- [PROBLEM TO SOLVE] Some lines hold the string "centre". Copy all of them from the material that follows.

^^^^^^^^^^^^^^^^

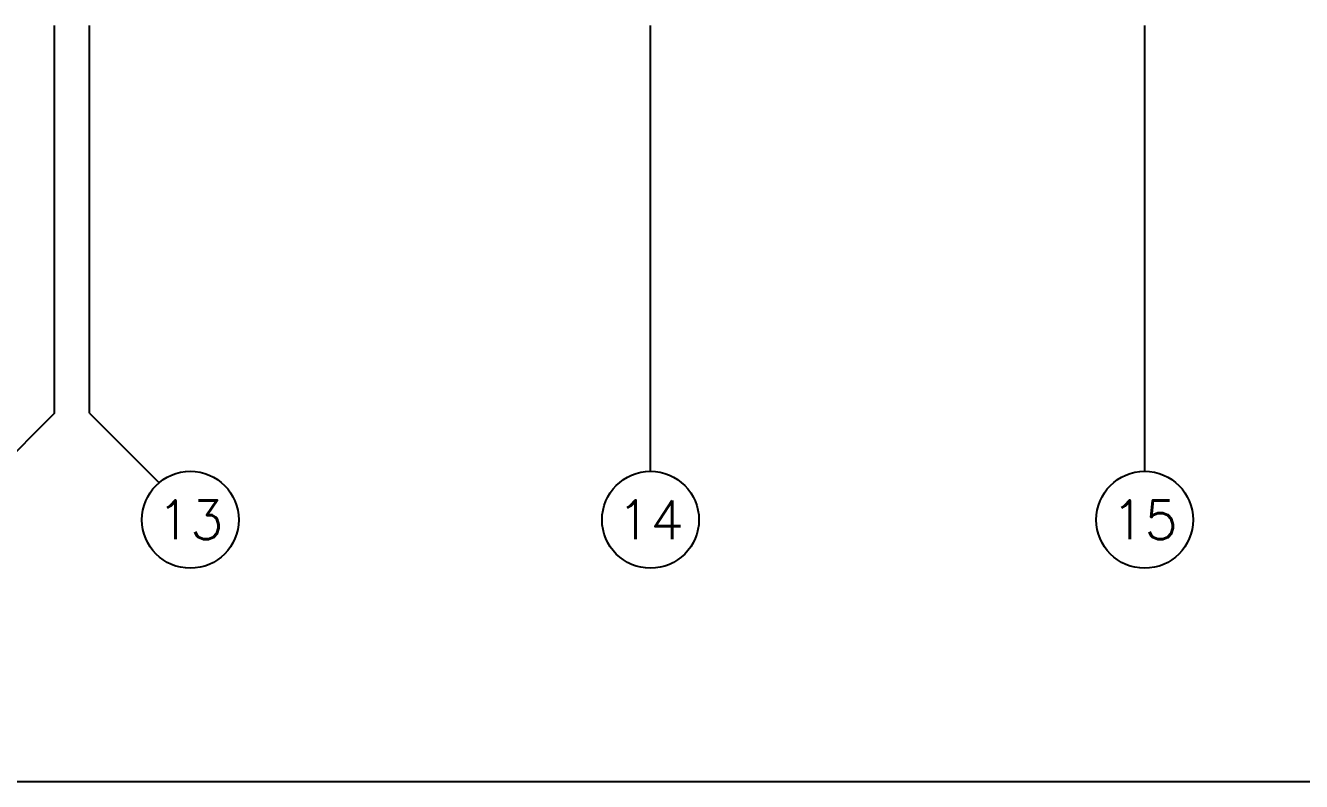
# Model space of a CAD drawing. Header units: millimetres. Extents: x 98 to 155, y -181 to 127.
# Drawn here: x 128.34 to 134.93, y 57.3 to 61.2 of the extents above; entities that cross this region are included whole.
import ezdxf
from ezdxf.enums import TextEntityAlignment as Align

# ---------------------------------------------------------------- set-up
doc = ezdxf.new("R2010")
doc.units = ezdxf.units.MM
doc.header["$LTSCALE"] = 15
doc.linetypes.add('PHANTOM', pattern=[63.5, 31.75, -6.35, 6.35, -6.35, 6.35, -6.35])
doc.linetypes.add('PHANTOM2', pattern=[1.25, 0.625, -0.125, 0.125, -0.125, 0.125, -0.125])
doc.layers.get('0').update_dxf_attribs({"color": 250})
doc.layers.add('A-EJES', color=250, linetype='PHANTOM')
doc.layers.add('L13 Texto Grande', color=150, linetype='Continuous')
doc.styles.add('ROMANS', font='romans.shx', dxfattribs={"width": 0.8})

# ---------------------------------------------------------------- blocks, each defined once
blk = doc.blocks.new('Ejes_Torre C')
for p, q in [((26.85, -2.5), (26.4768, -2.8732)), ((27.03, -2.5), (27.3891, -2.859))]:
    blk.add_line(p, q)
at = {"layer": 'A-EJES', "linetype": 'PHANTOM2'}
for points in [[(26.85, -2.5), (26.85, -0.5)], [(27.03, -2.5), (27.03, -0.5)], [(29.925, -2.8), (29.925, -0.5)], [(32.475, -2.8), (32.475, -0.5)]]:
    blk.add_lwpolyline(points, dxfattribs=at)
at = {"layer": 'A-EJES', "linetype": 'Continuous'}
for centre in [(27.5505, -3.05), (29.925, -3.05), (32.475, -3.05)]:
    blk.add_circle(centre, 0.25, dxfattribs=at)
at = {"layer": 'A-EJES', "linetype": 'Continuous', "style": 'ROMANS'}
for s, p in [('13', (27.5505, -3.05)), ('14', (29.925, -3.05)), ('15', (32.475, -3.05))]:
    blk.add_text(s, height=0.2, dxfattribs=at).set_placement(p, align=Align.MIDDLE_CENTER)

msp = doc.modelspace()

# ---------------------------------------------------------------- linework, layer by layer
at = {"layer": 'L13 Texto Grande'}
msp.add_lwpolyline([(101.6417, 57.3047), (144.2178, 57.3047)], dxfattribs=at)

# ---------------------------------------------------------------- block references
at = {"layer": 'A-EJES'}
msp.add_blockref('Ejes_Torre C', (101.6417, 61.7049), dxfattribs=at)

doc.saveas('drawing.dxf')
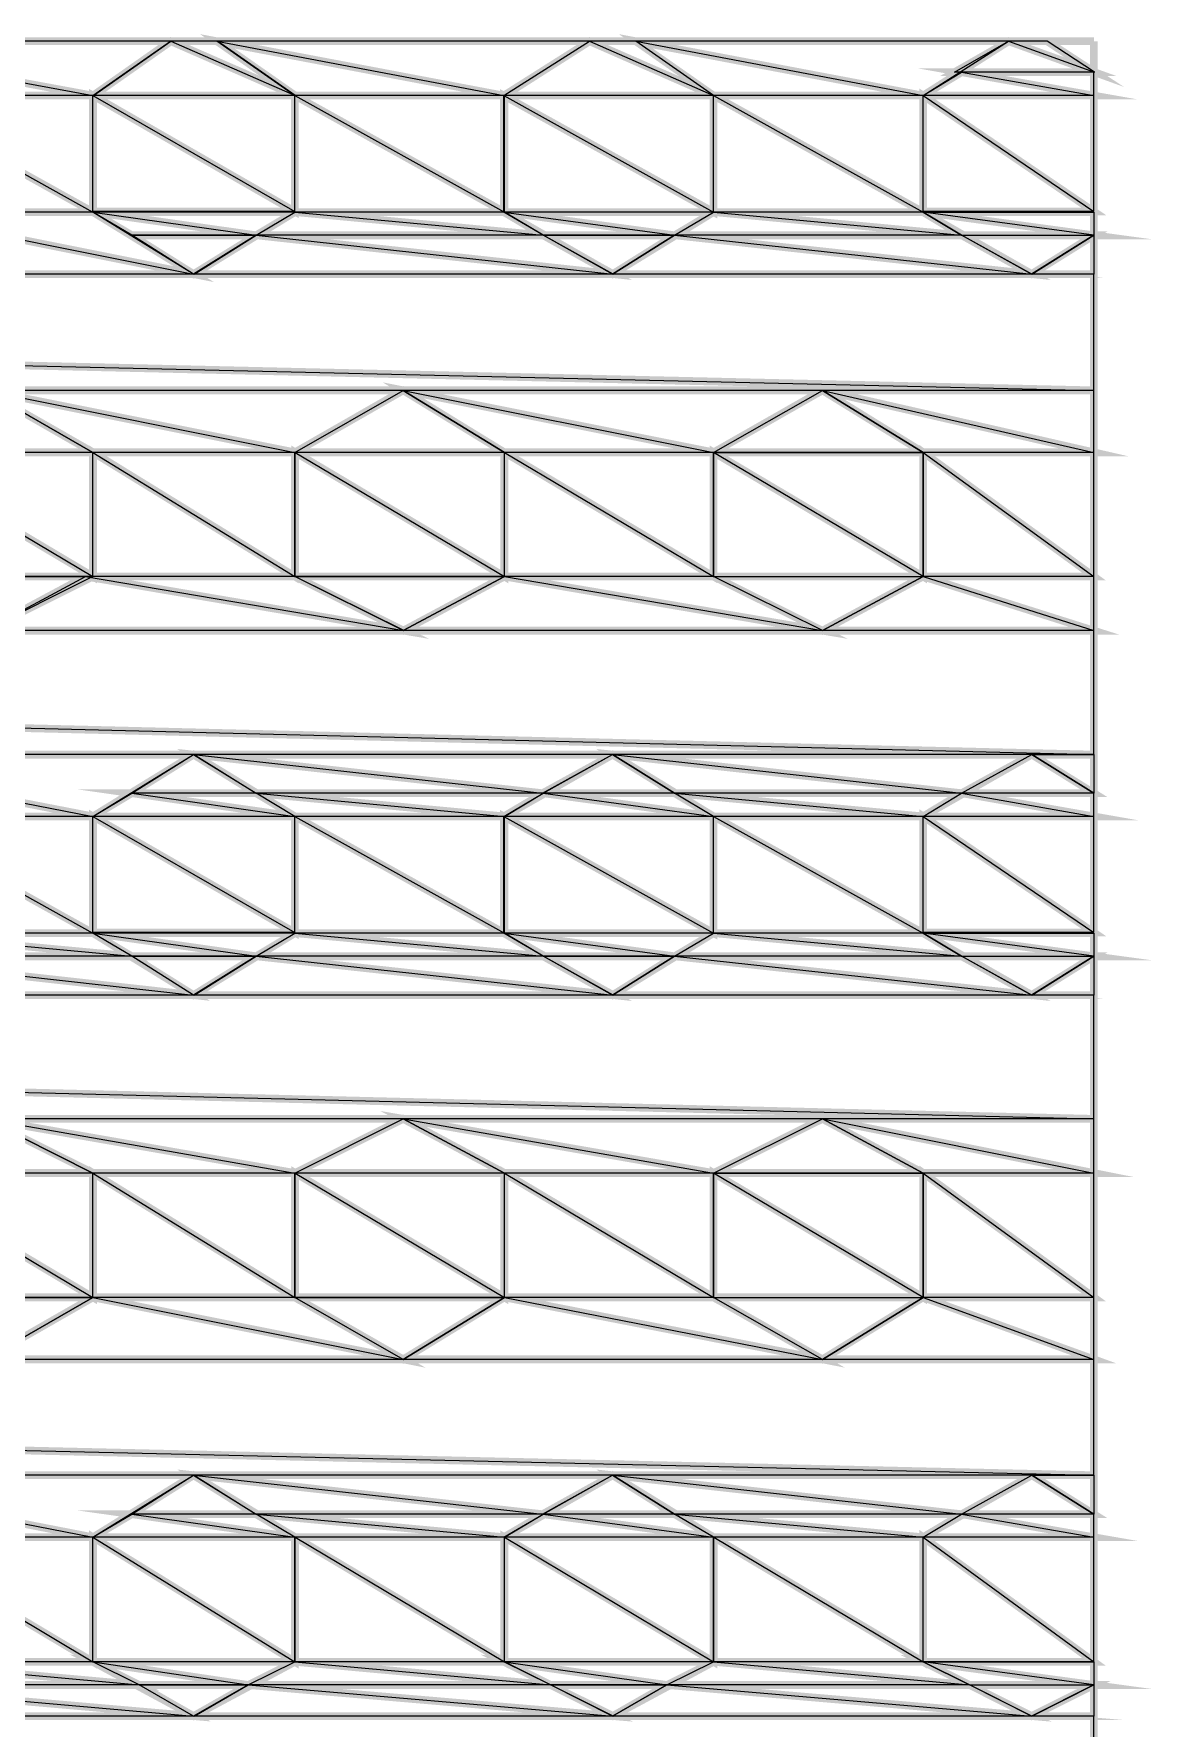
# Model space of a CAD drawing. Header units: metres. Extents: x 3290 to 4536, y 1562 to 1983.
# Drawn here: x 4210.21 to 4214.01, y 1674.2 to 1679.95 of the extents above; entities that cross this region are included whole.
import ezdxf

# ---------------------------------------------------------------- set-up
doc = ezdxf.new("R2010")
doc.units = ezdxf.units.M
for name, color, linetype in [('C00-00-00-BLACK', 7, 'Continuous'), ('C62-64-65', 252, 'Continuous'), ('C93-95-97', 253, 'Continuous')]:
    doc.layers.add(name, color=color, linetype=linetype)

msp = doc.modelspace()

# ---------------------------------------------------------------- linework, layer by layer
at = {"layer": 'C00-00-00-BLACK', "const_width": 0.0263}
for points in [[(4196.8216, 1679.9252), (4213.812, 1679.9252)], [(4210.4133, 1679.7407), (4210.676, 1679.9252)], [(4210.8363, 1679.9252), (4211.099, 1679.7407)], [(4211.8102, 1679.7407), (4212.0996, 1679.9252)], [(4212.2567, 1679.9252), (4212.5207, 1679.7407)], [(4213.2319, 1679.7407), (4213.5225, 1679.9252)], [(4213.6536, 1679.9252), (4213.812, 1679.8202)], [(4213.812, 1679.9252), (4213.812, 1671.552)], [(4210.4133, 1679.7407), (4210.4133, 1679.3451)], [(4211.099, 1679.7407), (4211.099, 1679.3451)], [(4211.8102, 1679.7407), (4211.8102, 1679.3451)], [(4212.5207, 1679.7407), (4212.5207, 1679.3451)], [(4213.2319, 1679.7407), (4213.2319, 1679.3451)], [(4210.4133, 1679.3451), (4210.7549, 1679.1345)], [(4210.7549, 1679.1345), (4211.099, 1679.3451)], [(4211.8102, 1679.3451), (4212.1779, 1679.1345)], [(4212.1779, 1679.1345), (4212.5207, 1679.3451)], [(4213.2319, 1679.3451), (4213.6014, 1679.1345)], [(4213.6014, 1679.1345), (4213.812, 1679.2662)], [(4210.0456, 1678.7395), (4210.4133, 1678.5289)], [(4211.099, 1678.5289), (4211.4667, 1678.7395)], [(4211.4667, 1678.7395), (4211.8102, 1678.5289)], [(4212.5207, 1678.5289), (4212.8903, 1678.7395)], [(4212.8903, 1678.7395), (4213.2319, 1678.5289)], [(4210.4133, 1678.5289), (4210.4133, 1678.1072)], [(4211.099, 1678.5289), (4211.099, 1678.1072)], [(4211.8102, 1678.5289), (4211.8102, 1678.1072)], [(4212.5207, 1678.5289), (4212.5207, 1678.1072)], [(4213.2319, 1678.5289), (4213.2319, 1678.1072)], [(4210.0456, 1677.9233), (4210.4133, 1678.1072)], [(4211.099, 1678.1072), (4211.4667, 1677.9233)], [(4211.4667, 1677.9233), (4211.8102, 1678.1072)], [(4212.5207, 1678.1072), (4212.8903, 1677.9233)], [(4212.8903, 1677.9233), (4213.2319, 1678.1072)], [(4210.4133, 1677.2923), (4210.7549, 1677.5022)], [(4210.7549, 1677.5022), (4211.099, 1677.2923)], [(4211.8102, 1677.2923), (4212.1779, 1677.5022)], [(4212.1779, 1677.5022), (4212.5207, 1677.2923)], [(4213.2319, 1677.2923), (4213.6014, 1677.5022)], [(4213.6014, 1677.5022), (4213.812, 1677.3712)], [(4210.4133, 1677.2923), (4210.4133, 1676.896)], [(4211.099, 1677.2923), (4211.099, 1676.896)], [(4211.8102, 1677.2923), (4211.8102, 1676.896)], [(4212.5207, 1677.2923), (4212.5207, 1676.896)], [(4213.2319, 1677.2923), (4213.2319, 1676.896)], [(4210.4133, 1676.896), (4210.7549, 1676.6855)], [(4210.7549, 1676.6855), (4211.099, 1676.896)], [(4211.8102, 1676.896), (4212.1779, 1676.6855)], [(4212.1779, 1676.6855), (4212.5207, 1676.896)], [(4213.2319, 1676.896), (4213.6014, 1676.6855)], [(4213.6014, 1676.6855), (4213.812, 1676.8172)], [(4210.0456, 1676.265), (4210.4133, 1676.0811)], [(4211.099, 1676.0811), (4211.4667, 1676.265)], [(4211.4667, 1676.265), (4211.8102, 1676.0811)], [(4212.5207, 1676.0811), (4212.8903, 1676.265)], [(4212.8903, 1676.265), (4213.2319, 1676.0811)], [(4210.4133, 1676.0811), (4210.4133, 1675.6588)], [(4211.099, 1676.0811), (4211.099, 1675.6588)], [(4211.8102, 1676.0811), (4211.8102, 1675.6588)], [(4212.5207, 1676.0811), (4212.5207, 1675.6588)], [(4213.2319, 1676.0811), (4213.2319, 1675.6588)], [(4210.0456, 1675.4482), (4210.4133, 1675.6588)], [(4211.099, 1675.6588), (4211.4667, 1675.4482)], [(4211.4667, 1675.4482), (4211.8102, 1675.6588)], [(4212.5207, 1675.6588), (4212.8903, 1675.4482)], [(4212.8903, 1675.4482), (4213.2319, 1675.6588)], [(4210.4133, 1674.8439), (4210.7549, 1675.0545)], [(4210.7549, 1675.0545), (4211.099, 1674.8439)], [(4211.8102, 1674.8439), (4212.1779, 1675.0545)], [(4212.1779, 1675.0545), (4212.5207, 1674.8439)], [(4213.2319, 1674.8439), (4213.6014, 1675.0545)], [(4213.6014, 1675.0545), (4213.812, 1674.9222)], [(4210.4133, 1674.8439), (4210.4133, 1674.4209)], [(4211.099, 1674.8439), (4211.099, 1674.4209)], [(4211.8102, 1674.8439), (4211.8102, 1674.4209)], [(4212.5207, 1674.8439), (4212.5207, 1674.4209)], [(4213.2319, 1674.8439), (4213.2319, 1674.4209)], [(4210.4133, 1674.4209), (4210.7549, 1674.2365)], [(4210.7549, 1674.2365), (4211.099, 1674.4209)], [(4211.8102, 1674.4209), (4212.1779, 1674.2365)], [(4212.1779, 1674.2365), (4212.5207, 1674.4209)], [(4213.2319, 1674.4209), (4213.6014, 1674.2365)], [(4213.6014, 1674.2365), (4213.812, 1674.3421)]]:
    msp.add_lwpolyline(points, dxfattribs=at)
at = {"layer": 'C62-64-65', "const_width": 0.0263}
for points in [[(4210.6779, 1679.9252), (4211.1002, 1679.7407), (4210.4152, 1679.7407), (4210.6779, 1679.9252)], [(4210.8363, 1679.9252), (4210.6779, 1679.9252), (4211.1002, 1679.7407), (4210.8363, 1679.9252)], [(4212.0996, 1679.9252), (4212.5207, 1679.7407), (4211.8083, 1679.7407), (4212.0996, 1679.9252)], [(4212.2567, 1679.9252), (4212.0996, 1679.9252), (4212.5207, 1679.7407), (4212.2567, 1679.9252)], [(4213.5225, 1679.9252), (4213.8138, 1679.8202), (4213.3387, 1679.8202), (4213.5225, 1679.9252)], [(4213.6536, 1679.9252), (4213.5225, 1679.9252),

^^^^^^^^^^^^^^^^

- [REPLY]
for centre in [(27.5505, -3.05), (29.925, -3.05), (32.475, -3.05)]:
    blk.add_circle(centre, 0.25, dxfattribs=at)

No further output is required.